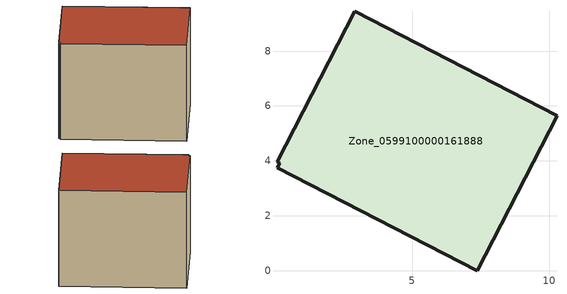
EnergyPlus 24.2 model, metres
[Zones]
Zone_0599100000161888
 floor ground (C_G): 0.18,3.92 0.08,3.96 2.91,9.45 10.28,5.64 7.37,0 0.1,3.75 z0
 wall outside (C_F): 7.37,0 10.28,5.64 2.91,9.45 0.08,3.96 0.18,3.92 0.1,3.75 7.37,0 z0:6.71
 roof outside (C_R): 0.18,3.92 0.1,3.75 7.37,0 10.28,5.64 2.91,9.45 0.08,3.96 z6.71
[BUILDING]
Pand.0599100000161888: North Axis=0; Terrain=City; Loads Convergence Tolerance Value=0.04; Temperature Convergence Tolerance Value=0.4; Solar Distribution=FullExterior; Maximum Number of Warmup Days=25; Minimum Number of Warmup Days=1
[Site:Location]
Rotterdam.The.Hague.AP_ZH_NLD Design_Conditions: Latitude=51.96; Longitude=4.45; Time Zone=1; Elevation=-4.5
[SITE:GROUNDTEMPERATURE:BUILDINGSURFACE]
18, 18, 18, 18, 18, 18, 18, 18, 18, 18, 18, 18
[MATERIAL] Thermal Absorptance=0.9; Solar Absorptance=0.7; Visible Absorptance=0.7
Name | Roughness | Thickness | Conductivity | Density | Specific Heat
G.TC.1946-1964 | MediumSmooth | 0.15 | 1 | 540 | 1210
F.TC.1946-1964 | Rough | 0.3 | 0.857143 | 1920 | 840
R.TC.1946-1964 | MediumRough | 0.2 | 0.235294 | 1500 | 1000
[CONSTRUCTION]
C_G: G.TC.1946-1964
C_F: F.TC.1946-1964
C_R: R.TC.1946-1964
[ZONE]
Zone_0599100000161888: Type=1; Multiplier=1; Ceiling Height=Autocalculate; Volume=Autocalculate; Floor Area=autocalculate; Part of Total Floor Area=Yes
[ZONEINFILTRATION:DESIGNFLOWRATE]
Infil_Zone_0599100000161888: Zone or ZoneList or Space or SpaceList=Zone_0599100000161888; Schedule=AlwaysOn; Design Flow Rate Calculation Method=Flow/Area; Flow Rate per Floor Area=0.003; Constant Term Coefficient=1; Temperature Term Coefficient=0; Velocity Term Coefficient=0; Velocity Squared Term Coefficient=0
[HVACTEMPLATE:ZONE:IDEALLOADSAIRSYSTEM]
Zone_0599100000161888: Maximum Heating Supply Air Temperature=50; Minimum Cooling Supply Air Temperature=13; Maximum Heating Supply Air Humidity Ratio=0.0156; Minimum Cooling Supply Air Humidity Ratio=0.0077; Heating Limit=NoLimit; Cooling Limit=NoLimit; Dehumidification Control Type=ConstantSensibleHeatRatio; Cooling Sensible Heat Ratio=0.7; Dehumidification Setpoint=60; Humidification Control Type=None; Humidification Setpoint=30; Outdoor Air Method=None; Outdoor Air Flow Rate per Person=0.00944; Outdoor Air Flow Rate per Zone Floor Area=0; Outdoor Air Flow Rate per Zone=0; Demand Controlled Ventilation Type=None; Outdoor Air Economizer Type=NoEconomizer; Heat Recovery Type=None; Sensible Heat Recovery Effectiveness=0.7; Latent Heat Recovery Effectiveness=0.65
[ZONECONTROL:THERMOSTAT]
ThermostatControl_Zone_0599100000161888: Zone or ZoneList=Zone_0599100000161888; Control Type Schedule=DualSetpointControlType; Control 1=Thermostat_Zone_0599100000161888; Temperature Difference Between Cutout And Setpoint=0
[THERMOSTATSETPOINT:DUALSETPOINT]
Thermostat_Zone_0599100000161888: Heating Setpoint Temperature Schedule=HeatingSetpoint_Zone_0599100000161888; Cooling Setpoint Temperature Schedule=CoolingSetpoint_Zone_0599100000161888
[SCHEDULE:COMPACT]
HeatingSetpoint_Zone_0599100000161888: Through: 12/31, For: AllDays, Until: 24:00, 21
CoolingSetpoint_Zone_0599100000161888: Through: 12/31, For: AllDays, Until: 24:00, 24
DualSetpointControlType: Through: 12/31, For: AllDays, Until: 24:00, 4
AlwaysOn: Through: 12/31, For: AllDays, Until: 24:00, 1

----------

## Problem description
With the line that has "[SITE:GROUNDTEMPERATURE:BUILDINGSURFACE]" as the first and the line that has "Name | Roughness" as the last, repeat exactly that run of lines above and no more.

## Answer for the task
[SITE:GROUNDTEMPERATURE:BUILDINGSURFACE]
18, 18, 18, 18, 18, 18, 18, 18, 18, 18, 18, 18
[MATERIAL] Thermal Absorptance=0.9; Solar Absorptance=0.7; Visible Absorptance=0.7
Name | Roughness | Thickness | Conductivity | Density | Specific Heat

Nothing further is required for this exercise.